Most promising study techniques:

• Interviews, think-aloud protocols.

Scale 4: Enjoyability and motivation of the activity

Maintenance has a reputation for being less fulfilling than new development of software; nevertheless, many people enjoy at least some aspects of maintenance. The following are some sources of motivation: Solving complex puzzles, the chance to please users, the feeling of being an expert, the feeling of control due to rapid feedback, job stability and the opportunity to perfect a product.

Benefits of using this scale:

• We want to ensure that SEs are motivated.

• We want to ensure that our tools do not automate-away enjoyable activities and leave only boring ones.

Hypotheses:

• We should be able to develop tools that are enjoyable and rewarding to use.

• Enjoyable and rewarding tools will encourage SEs to be more productive.

Most promising study techniques:

• Interviews, questionnaires, think-aloud protocols, time-slicing (with questions about enjoyment)

5. Conclusions

We are involved in the detailed study of maintainers so that we can build tools to improve their productivity. This paper presents some ideas that can help systematize how to approach such a study.

In particular, a maintenance study should investigate the mental models of maintainers and decompose their activities in significant detail. The study should look at the macro-level and the micro level, and should pose questions about time-consumption, cognitive load, knowledge requirements and enjoyment. Finally, the study should look at how these aspects differ among maintainers and environments.

Additional details about our work can be found at:

http://www.csi.uottawa.ca/~tcl/kbre

References

[1] Singer, J. and Lethbridge, T. (1996), "Methods for Studying Maintenance Activities", Proc. Workshop on Empirical Studies of Software Maintenance, Monterey.
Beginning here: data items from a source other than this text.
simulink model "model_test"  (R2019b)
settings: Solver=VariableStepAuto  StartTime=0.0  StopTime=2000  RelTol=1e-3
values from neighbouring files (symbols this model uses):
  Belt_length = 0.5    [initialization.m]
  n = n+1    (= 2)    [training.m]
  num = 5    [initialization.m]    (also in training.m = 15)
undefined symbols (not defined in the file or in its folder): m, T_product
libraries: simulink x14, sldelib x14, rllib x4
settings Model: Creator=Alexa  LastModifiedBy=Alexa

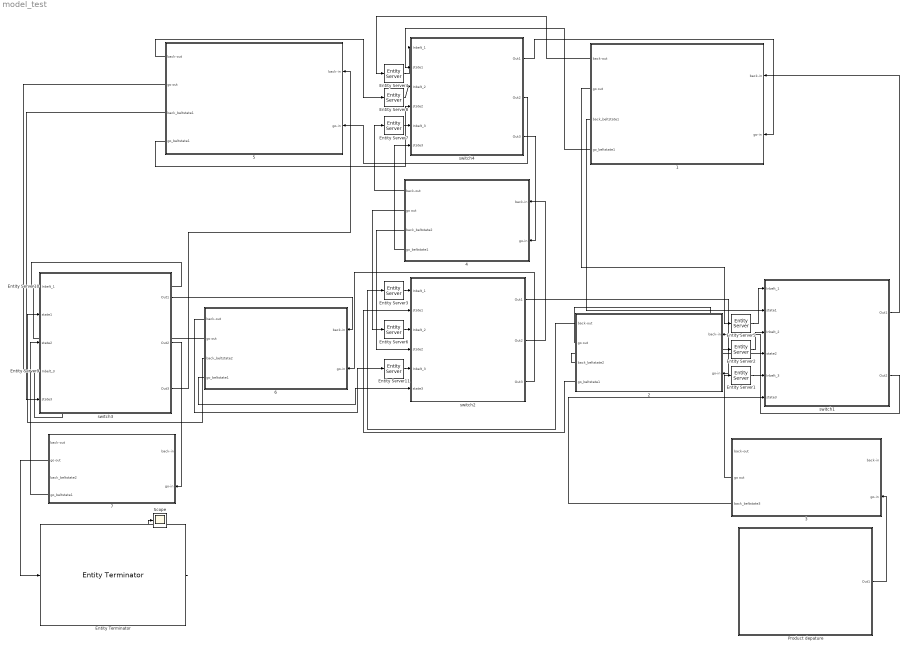
== system model_test ==
  "1 " : Subsystem
      mask Display: image('C:\Users\Alexa\Desktop\MA\writing\pic\thumbnail_image002.jpg'); % Use "Edit Image" on toolstrip to change.
  "2 " : Subsystem
      mask Display: image('C:\Users\Alexa\Desktop\MA\writing\pic\thumbnail_image010.png'); % Use "Edit Image" on toolstrip to change.
  "3 " : Subsystem
      mask Display: image('C:\Users\Alexa\Desktop\MA\writing\pic\thumbnail_image010.png'); % Use "Edit Image" on toolstrip to change.
  4 : Subsystem
      mask Display: image('C:\Users\Alexa\Desktop\MA\writing\pic\thumbnail_image010.png'); % Use "Edit Image" on toolstrip to change.
  5 : Subsystem
      mask Display: image('C:\Users\Alexa\Desktop\MA\writing\pic\thumbnail_image002.jpg'); % Use "Edit Image" on toolstrip to change.
  6 : Subsystem
      mask Display: image('C:\Users\Alexa\Desktop\MA\writing\pic\thumbnail_image010.png'); % Use "Edit Image" on toolstrip to change.
  7 : Subsystem
      mask Display: image('C:\Users\Alexa\Desktop\MA\writing\pic\thumbnail_image010.png'); % Use "Edit Image" on toolstrip to change.
  Entity Server{1,7,9,11} (4 alike) : EntityServer  InputPortMessageModes=m  OutputPortMessageModes=m  Capacity=1  ServiceTimeValue=0  EntryAction=entity.source=3;
  Entity Server{3..5,10} (4 alike) : EntityServer  InputPortMessageModes=m  OutputPortMessageModes=m  Capacity=1  ServiceTimeValue=0  EntryAction=entity.source=1;
  Entity Server2 : EntityServer  InputPortMessageModes=m  OutputPortMessageModes=m  Capacity=1  ServiceTimeValue=0  EntryAction=entity.source=2;
  Entity Server6 : EntityServer  InputPortMessageModes=m  OutputPortMessageModes=m  Capacity=1  ServiceTimeValue=0  EntryAction=entity.source=2;
  Entity Server8 : EntityServer  InputPortMessageModes=m  OutputPortMessageModes=m  Capacity=1  ServiceTimeValue=0  EntryAction=entity.source=2;
  Entity Terminator : EntityTerminator  InputPortMessageModes=m  EntryAction=|  NumberEntitiesArrived=on
      | coder.extrinsic('assignin');
      | persistent Schaltplan;
      | persistent idx;
      | if isempty(Schaltplan)    
      |     idx = 1;
      |     Schaltplan=zeros(2*num+1,1);
      | end
      | Schaltplan(idx)=entity.Record;
      | idx = idx + 1;
      | assignin('base', 'Schaltplan', Schaltplan);
      settings: OutputPortMap=o0
      mask Display: image('C:\Users\Alexa\Desktop\MA\writing\pic\bottle2.JPG'); % Use "Edit Image" on toolstrip to change.
  Product depature : Subsystem
      mask Display: image('C:\Users\Alexa\Desktop\MA\writing\pic\bottle.JPG'); % Use "Edit Image" on toolstrip to change.
  Scope : Scope
  switch1 : Subsystem
      mask Display: image('C:\Users\Alexa\Desktop\MA\writing\pic\thumbnail_image006.jpg'); % Use "Edit Image" on toolstrip to change.
  switch2 : Subsystem
      mask Display: image('C:\Users\Alexa\Desktop\MA\writing\pic\thumbnail_image006.jpg'); % Use "Edit Image" on toolstrip to change.
  switch3 : Subsystem
      mask Display: image('C:\Users\Alexa\Desktop\MA\writing\pic\thumbnail_image006.jpg'); % Use "Edit Image" on toolstrip to change.
  switch4 : Subsystem
      mask Display: image('C:\Users\Alexa\Desktop\MA\writing\pic\thumbnail_image006.jpg'); % Use "Edit Image" on toolstrip to change.
  wires:
  switch1/2(Out2) -> "2 "/1(back-in)
  switch1/1(Out1) -> "1 "/1(back-in)
  "3 "/3(back_beltstate3) -> switch1/6(state3)
  "2 "/3(back_beltstate2) -> switch1/4(state2)
  "1 "/3(back_beltstate1) -> switch1/2(state1)
  Product depature/1(Out1) -> "3 "/2(go-in)
  switch4/1(Out1) -> "1 "/2(go-in)
  Entity Server4/1 -> switch4/1(Inbelt_1)
  "1 "/4(go_beltstate1) -> switch4/2(state1)
  Entity Server5/1 -> switch1/1(Inbelt_1)
  Entity Server2/1 -> switch1/3(Inbelt_2)
  Entity Server1/1 -> switch1/5(Inbelt_3)
  switch2/1(Out1) -> "2 "/2(go-in)
  "2 "/4(go_beltstate1) -> switch2/2(state1)
  Entity Server3/1 -> switch2/1(Inbelt_1)
  Entity Terminator/1 -> Scope/1
  switch4/3(Out3) -> 4/2(go-in)
  switch2/2(Out2) -> 4/1(back-in)
  4/4(go_beltstate1) -> switch4/6(state3)
  4/3(back_beltstate2) -> switch2/4(state2)
  Entity Server6/1 -> switch2/3(Inbelt_2)
  Entity Server7/1 -> switch4/5(Inbelt_3)
  Entity Server8/1 -> switch4/3(Inbelt_2)
  switch4/2(Out2) -> 5/2(go-in)
  5/4(go_beltstate1) -> switch4/4(state2)
  switch3/3(Out3) -> 5/1(back-in)
  5/3(back_beltstate1) -> switch3/5(state3)
  Entity Server9/1 -> switch3/4(Inbelt_3)
  switch2/3(Out3) -> 6/2(go-in)
  Entity Server10/1 -> switch3/1(Inbelt_1)
  6/4(go_beltstate1) -> switch2/6(state3)
  Entity Server11/1 -> switch2/5(Inbelt_3)
  switch3/1(Out1) -> 6/1(back-in)
  6/3(back_beltstate2) -> switch3/2(state1)
  switch3/2(Out2) -> 7/2(go-in)
  7/2(go out) -> Entity Terminator/1
  7/4(go_beltstate1) -> switch3/3(state2)
  "1 "/2(go out) -> Entity Server5/1
  "2 "/2(go out) -> Entity Server2/1
  "3 "/2(go out) -> Entity Server1/1
  "1 "/1(back-out) -> Entity Server4/1
  5/1(back-out) -> Entity Server8/1
  4/1(back-out) -> Entity Server7/1
  "2 "/1(back-out) -> Entity Server3/1
  4/2(go out) -> Entity Server6/1
  6/1(back-out) -> Entity Server11/1
  6/2(go out) -> Entity Server10/1
  5/2(go out) -> Entity Server9/1

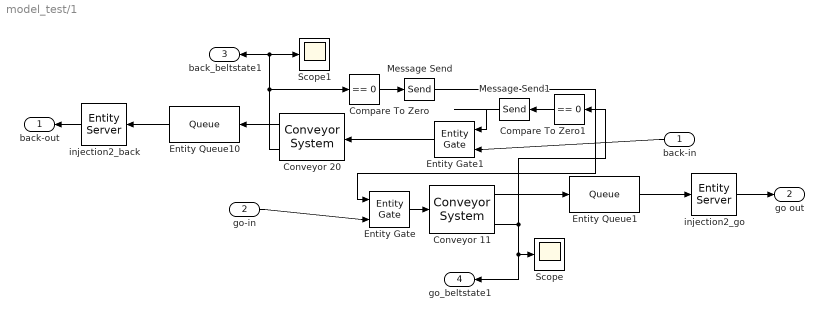
== system model_test/1  ==
  back-in : Inport
  go-in : Inport  Port=2
  Compare To Zero : simulink/Logic and Bit Operations/Compare To Zero  relop===  OutDataTypeStr=boolean
  Compare To Zero1 : simulink/Logic and Bit Operations/Compare To Zero  relop===  OutDataTypeStr=boolean
  Conveyor 11 : sldelib/Conveyor System  mConveyorLength=4*Belt_length  mConveyorSpeedSource=Dialog  mConveyorSpeed=V_belt  mInitialConveyorSpeed=1000  mMinDisBetEntity=Distance_between  mEntityLengthSource=Dialog  mEntityLength=Entity_length  mEntityLengthAttrName=Length  mOutputBlockedOpt=Pause  mErrorUponFullOpt=on  mNumEntitiesDepOpt=on  mNumEntitiesInBlockOpt=on  mEntityPendingOpt=off  mNumExtractedFromBlockOpt=off  mConveyorSpeedOpt=off
      settings: SourceProductName=SimEvents  SourceProductBaseCode=SE
  Conveyor 20 : sldelib/Conveyor System  mConveyorLength=4*Belt_length  mConveyorSpeedSource=Dialog  mConveyorSpeed=V_belt  mInitialConveyorSpeed=1000  mMinDisBetEntity=Distance_between  mEntityLengthSource=Dialog  mEntityLength=Entity_length  mEntityLengthAttrName=Length  mOutputBlockedOpt=Pause  mErrorUponFullOpt=on  mNumEntitiesDepOpt=off  mNumEntitiesInBlockOpt=on  mEntityPendingOpt=off  mNumExtractedFromBlockOpt=off  mConveyorSpeedOpt=off
      settings: SourceProductName=SimEvents  SourceProductBaseCode=SE
  Entity Gate : EntityGate  InputPortMessageModes=m,m  OutputPortMessageModes=m
  Entity Gate1 : EntityGate  InputPortMessageModes=m,m  OutputPortMessageModes=m
  Entity Queue1 : Queue  InputPortMessageModes=m  OutputPortMessageModes=m  Capacity=1
  Entity Queue10 : Queue  InputPortMessageModes=m  OutputPortMessageModes=m  Capacity=1
  Message Send : Send  OutputPortMessageModes=m
  Message Send1 : Send  OutputPortMessageModes=m
  Scope : Scope
  Scope1 : Scope
  injection2_back : EntityServer  InputPortMessageModes=m  OutputPortMessageModes=m  Capacity=1  ServiceTimeSource=Attribute  ServiceTimeAttributeName=Processtime  EntryAction=|
      | if entity.goal==2
      |     entity.finish=1;
      |     entity.Processtime=T_process;
      |     entity.goal=3;
      | else
      |     entity.Processtime=0;
      | end
  injection2_go : EntityServer  InputPortMessageModes=m  OutputPortMessageModes=m  Capacity=1  ServiceTimeSource=Attribute  ServiceTimeAttributeName=Processtime  EntryAction=|
      | if entity.goal==2
      |     entity.finish=1;
      |     entity.Processtime=T_process;
      |     entity.goal=3;
      | else
      |     entity.Processtime=0;
      | end
  back-out : Outport
  go out : Outport  Port=2
  back_beltstate1 : Outport  Port=3
  go_beltstate1 : Outport  Port=4
  wires:
  go-in/1 -> Entity Gate/2
  Conveyor 20/1 -> Entity Queue10/1
  back-in/1 -> Entity Gate1/2
  Compare To Zero1/1 -> Message Send1/1
  Message Send1/1 -> Entity Gate1/1
  Entity Gate1/1 -> Conveyor 20/1
  Conveyor 11/1 -> Entity Queue1/1
  Entity Gate/1 -> Conveyor 11/1
  Compare To Zero/1 -> Message Send/1
  Message Send/1 -> Entity Gate/1
  Conveyor 20/2 -> Compare To Zero/1, Scope1/1, back_beltstate1/1
  Conveyor 11/3 -> go_beltstate1/1, Scope/1, Compare To Zero1/1
  Entity Queue10/1 -> injection2_back/1
  Entity Queue1/1 -> injection2_go/1
  injection2_back/1 -> back-out/1
  injection2_go/1 -> go out/1

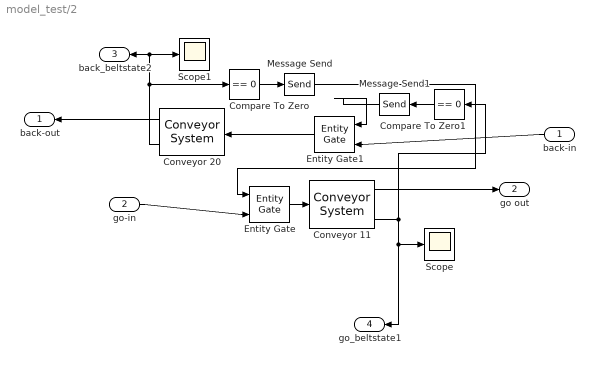
== system model_test/2  ==
  back-in : Inport
  go-in : Inport  Port=2
  Compare To Zero : simulink/Logic and Bit Operations/Compare To Zero  relop===  OutDataTypeStr=boolean
  Compare To Zero1 : simulink/Logic and Bit Operations/Compare To Zero  relop===  OutDataTypeStr=boolean
  Conveyor 11 : sldelib/Conveyor System  mConveyorLength=Belt_length  mConveyorSpeedSource=Dialog  mConveyorSpeed=V_belt  mInitialConveyorSpeed=1000  mMinDisBetEntity=Distance_between  mEntityLengthSource=Dialog  mEntityLength=Entity_length  mEntityLengthAttrName=Length  mOutputBlockedOpt=Pause  mErrorUponFullOpt=on  mNumEntitiesDepOpt=on  mNumEntitiesInBlockOpt=on  mEntityPendingOpt=off  mNumExtractedFromBlockOpt=off  mConveyorSpeedOpt=off
      settings: SourceProductName=SimEvents  SourceProductBaseCode=SE
  Conveyor 20 : sldelib/Conveyor System  mConveyorLength=Belt_length  mConveyorSpeedSource=Dialog  mConveyorSpeed=V_belt  mInitialConveyorSpeed=1000  mMinDisBetEntity=Distance_between  mEntityLengthSource=Dialog  mEntityLength=Entity_length  mEntityLengthAttrName=Length  mOutputBlockedOpt=Pause  mErrorUponFullOpt=on  mNumEntitiesDepOpt=off  mNumEntitiesInBlockOpt=on  mEntityPendingOpt=off  mNumExtractedFromBlockOpt=off  mConveyorSpeedOpt=off
      settings: SourceProductName=SimEvents  SourceProductBaseCode=SE
  Entity Gate : EntityGate  InputPortMessageModes=m,m  OutputPortMessageModes=m
  Entity Gate1 : EntityGate  InputPortMessageModes=m,m  OutputPortMessageModes=m
  Message Send : Send  OutputPortMessageModes=m
  Message Send1 : Send  OutputPortMessageModes=m
  Scope : Scope
  Scope1 : Scope
  back-out : Outport
  go out : Outport  Port=2
  back_beltstate2 : Outport  Port=3
  go_beltstate1 : Outport  Port=4
  wires:
  Conveyor 11/3 -> Compare To Zero1/1, Scope/1, go_beltstate1/1
  Conveyor 20/2 -> Scope1/1, back_beltstate2/1, Compare To Zero/1
  Message Send/1 -> Entity Gate/1
  Compare To Zero/1 -> Message Send/1
  Entity Gate/1 -> Conveyor 11/1
  Conveyor 11/1 -> go out/1
  Entity Gate1/1 -> Conveyor 20/1
  Message Send1/1 -> Entity Gate1/1
  Compare To Zero1/1 -> Message Send1/1
  back-in/1 -> Entity Gate1/2
  Conveyor 20/1 -> back-out/1
  go-in/1 -> Entity Gate/2

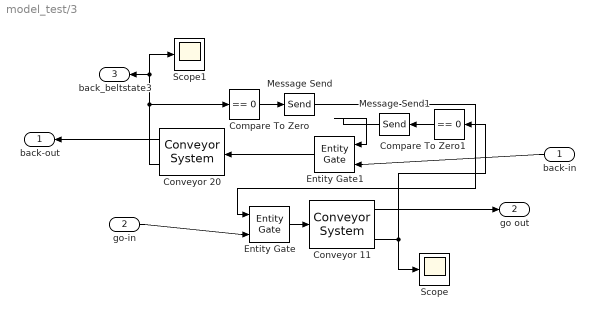
== system model_test/3  ==
  back-in : Inport
  go-in : Inport  Port=2
  Compare To Zero : simulink/Logic and Bit Operations/Compare To Zero  relop===  OutDataTypeStr=boolean
  Compare To Zero1 : simulink/Logic and Bit Operations/Compare To Zero  relop===  OutDataTypeStr=boolean
  Conveyor 11 : sldelib/Conveyor System  mConveyorLength=Belt_length  mConveyorSpeedSource=Dialog  mConveyorSpeed=V_belt  mInitialConveyorSpeed=1000  mMinDisBetEntity=Distance_between  mEntityLengthSource=Dialog  mEntityLength=Entity_length  mEntityLengthAttrName=Length  mOutputBlockedOpt=Pause  mErrorUponFullOpt=on  mNumEntitiesDepOpt=on  mNumEntitiesInBlockOpt=on  mEntityPendingOpt=off  mNumExtractedFromBlockOpt=off  mConveyorSpeedOpt=off
      settings: SourceProductName=SimEvents  SourceProductBaseCode=SE
  Conveyor 20 : sldelib/Conveyor System  mConveyorLength=Belt_length  mConveyorSpeedSource=Dialog  mConveyorSpeed=V_belt  mInitialConveyorSpeed=1000  mMinDisBetEntity=Distance_between  mEntityLengthSource=Dialog  mEntityLength=Entity_length  mEntityLengthAttrName=Length  mOutputBlockedOpt=Pause  mErrorUponFullOpt=on  mNumEntitiesDepOpt=off  mNumEntitiesInBlockOpt=on  mEntityPendingOpt=off  mNumExtractedFromBlockOpt=off  mConveyorSpeedOpt=off
      settings: SourceProductName=SimEvents  SourceProductBaseCode=SE
  Entity Gate : EntityGate  InputPortMessageModes=m,m  OutputPortMessageModes=m
  Entity Gate1 : EntityGate  InputPortMessageModes=m,m  OutputPortMessageModes=m
  Message Send : Send  OutputPortMessageModes=m
  Message Send1 : Send  OutputPortMessageModes=m
  Scope : Scope
  Scope1 : Scope
  back-out : Outport
  go out : Outport  Port=2
  back_beltstate3 : Outport  Port=3
  wires:
  Conveyor 11/3 -> Scope/1, Compare To Zero1/1
  Conveyor 20/2 -> Scope1/1, back_beltstate3/1, Compare To Zero/1
  Message Send/1 -> Entity Gate/1
  Compare To Zero/1 -> Message Send/1
  Entity Gate/1 -> Conveyor 11/1
  Conveyor 11/1 -> go out/1
  Entity Gate1/1 -> Conveyor 20/1
  Message Send1/1 -> Entity Gate1/1
  Compare To Zero1/1 -> Message Send1/1
  back-in/1 -> Entity Gate1/2
  Conveyor 20/1 -> back-out/1
  go-in/1 -> Entity Gate/2

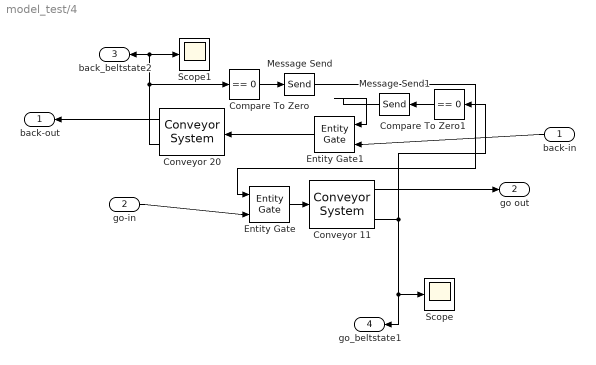
== system model_test/4 ==
  back-in : Inport
  go-in : Inport  Port=2
  Compare To Zero : simulink/Logic and Bit Operations/Compare To Zero  relop===  OutDataTypeStr=boolean
  Compare To Zero1 : simulink/Logic and Bit Operations/Compare To Zero  relop===  OutDataTypeStr=boolean
  Conveyor 11 : sldelib/Conveyor System  mConveyorLength=Belt_length  mConveyorSpeedSource=Dialog  mConveyorSpeed=V_belt  mInitialConveyorSpeed=1000  mMinDisBetEntity=Distance_between  mEntityLengthSource=Dialog  mEntityLength=Entity_length  mEntityLengthAttrName=Length  mOutputBlockedOpt=Pause  mErrorUponFullOpt=on  mNumEntitiesDepOpt=on  mNumEntitiesInBlockOpt=on  mEntityPendingOpt=off  mNumExtractedFromBlockOpt=off  mConveyorSpeedOpt=off
      settings: SourceProductName=SimEvents  SourceProductBaseCode=SE
  Conveyor 20 : sldelib/Conveyor System  mConveyorLength=Belt_length  mConveyorSpeedSource=Dialog  mConveyorSpeed=V_belt  mInitialConveyorSpeed=1000  mMinDisBetEntity=Distance_between  mEntityLengthSource=Dialog  mEntityLength=Entity_length  mEntityLengthAttrName=Length  mOutputBlockedOpt=Pause  mErrorUponFullOpt=on  mNumEntitiesDepOpt=off  mNumEntitiesInBlockOpt=on  mEntityPendingOpt=off  mNumExtractedFromBlockOpt=off  mConveyorSpeedOpt=off
      settings: SourceProductName=SimEvents  SourceProductBaseCode=SE
  Entity Gate : EntityGate  InputPortMessageModes=m,m  OutputPortMessageModes=m
  Entity Gate1 : EntityGate  InputPortMessageModes=m,m  OutputPortMessageModes=m
  Message Send : Send  OutputPortMessageModes=m
  Message Send1 : Send  OutputPortMessageModes=m
  Scope : Scope
  Scope1 : Scope
  back-out : Outport
  go out : Outport  Port=2
  back_beltstate2 : Outport  Port=3
  go_beltstate1 : Outport  Port=4
  wires:
  go-in/1 -> Entity Gate/2
  Conveyor 20/1 -> back-out/1
  back-in/1 -> Entity Gate1/2
  Compare To Zero1/1 -> Message Send1/1
  Message Send1/1 -> Entity Gate1/1
  Entity Gate1/1 -> Conveyor 20/1
  Conveyor 11/1 -> go out/1
  Entity Gate/1 -> Conveyor 11/1
  Compare To Zero/1 -> Message Send/1
  Message Send/1 -> Entity Gate/1
  Conveyor 20/2 -> Compare To Zero/1, Scope1/1, back_beltstate2/1
  Conveyor 11/3 -> go_beltstate1/1, Scope/1, Compare To Zero1/1

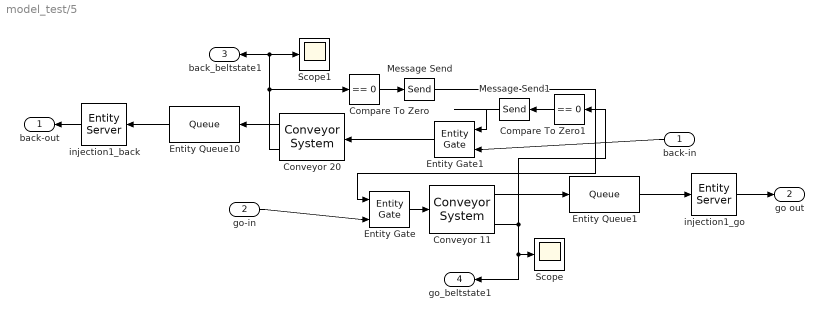
== system model_test/5 ==
  back-in : Inport
  go-in : Inport  Port=2
  Compare To Zero : simulink/Logic and Bit Operations/Compare To Zero  relop===  OutDataTypeStr=boolean
  Compare To Zero1 : simulink/Logic and Bit Operations/Compare To Zero  relop===  OutDataTypeStr=boolean
  Conveyor 11 : sldelib/Conveyor System  mConveyorLength=4*Belt_length  mConveyorSpeedSource=Dialog  mConveyorSpeed=V_belt  mInitialConveyorSpeed=1000  mMinDisBetEntity=Distance_between  mEntityLengthSource=Dialog  mEntityLength=Entity_length  mEntityLengthAttrName=Length  mOutputBlockedOpt=Pause  mErrorUponFullOpt=on  mNumEntitiesDepOpt=on  mNumEntitiesInBlockOpt=on  mEntityPendingOpt=off  mNumExtractedFromBlockOpt=off  mConveyorSpeedOpt=off
      settings: SourceProductName=SimEvents  SourceProductBaseCode=SE
  Conveyor 20 : sldelib/Conveyor System  mConveyorLength=4*Belt_length  mConveyorSpeedSource=Dialog  mConveyorSpeed=V_belt  mInitialConveyorSpeed=1000  mMinDisBetEntity=Distance_between  mEntityLengthSource=Dialog  mEntityLength=Entity_length  mEntityLengthAttrName=Length  mOutputBlockedOpt=Pause  mErrorUponFullOpt=on  mNumEntitiesDepOpt=off  mNumEntitiesInBlockOpt=on  mEntityPendingOpt=off  mNumExtractedFromBlockOpt=off  mConveyorSpeedOpt=off
      settings: SourceProductName=SimEvents  SourceProductBaseCode=SE
  Entity Gate : EntityGate  InputPortMessageModes=m,m  OutputPortMessageModes=m
  Entity Gate1 : EntityGate  InputPortMessageModes=m,m  OutputPortMessageModes=m
  Entity Queue1 : Queue  InputPortMessageModes=m  OutputPortMessageModes=m  Capacity=1
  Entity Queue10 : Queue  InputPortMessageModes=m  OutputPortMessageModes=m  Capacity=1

[2] Avison D. and Wood-Harper T. (1990), Multiview methodology. Oxford: Blackwell Scientific.

[3] Seaman B. and Basili, V. (1996), "The Study of Software maintenance Organizations and Processes", Proc. Workshop on Empirical Studies of Software Maintenance, Monterey.

[4] Ohlsson, N., Eriksson, A. and Helander M (1996). "Early Risk-Management by Identification of Fault-prone Modules", Proc. Workshop on Empirical Studies of Software Maintenance, Monterey.

[5] Khoshgoftaar, T. and Allen, E. (1996), "Industrial-Strength Software Quality Modeling" ", Proc. Workshop on Empirical Studies of Software Maintenance, Monterey.

[6] Boldyreff, C., Burd, E., Hather, R., Mortimer, R., Munro, M., Younger, E. (1995), "The AMES Approach to Application Understanding: A Case Study", In proc. International Conference on Software Maintenance (Nice, France).

[7] von Meyrhauser, A., & Vans, A. Marie. (1995), "Program Comprehension During Software Maintenance and Evolution", IEEE Computer, 28(8), 44-55.

[8] Foster, J. (1993), "An Industry View on Program Comprehension", proc. IEEE Second Workshop on Program Comprehension, Capri.

[9] Peritus Software Services, personal communication (See www.peritus.com for information on a company that has studied software maintainers’ personal processes).

[10] Tilley, S. and Smith, D. (1996), Coming Attractions in Program Understanding, CMU/SEI-96-TR-019. Software Engineering Institute, Carnegie Mellon University.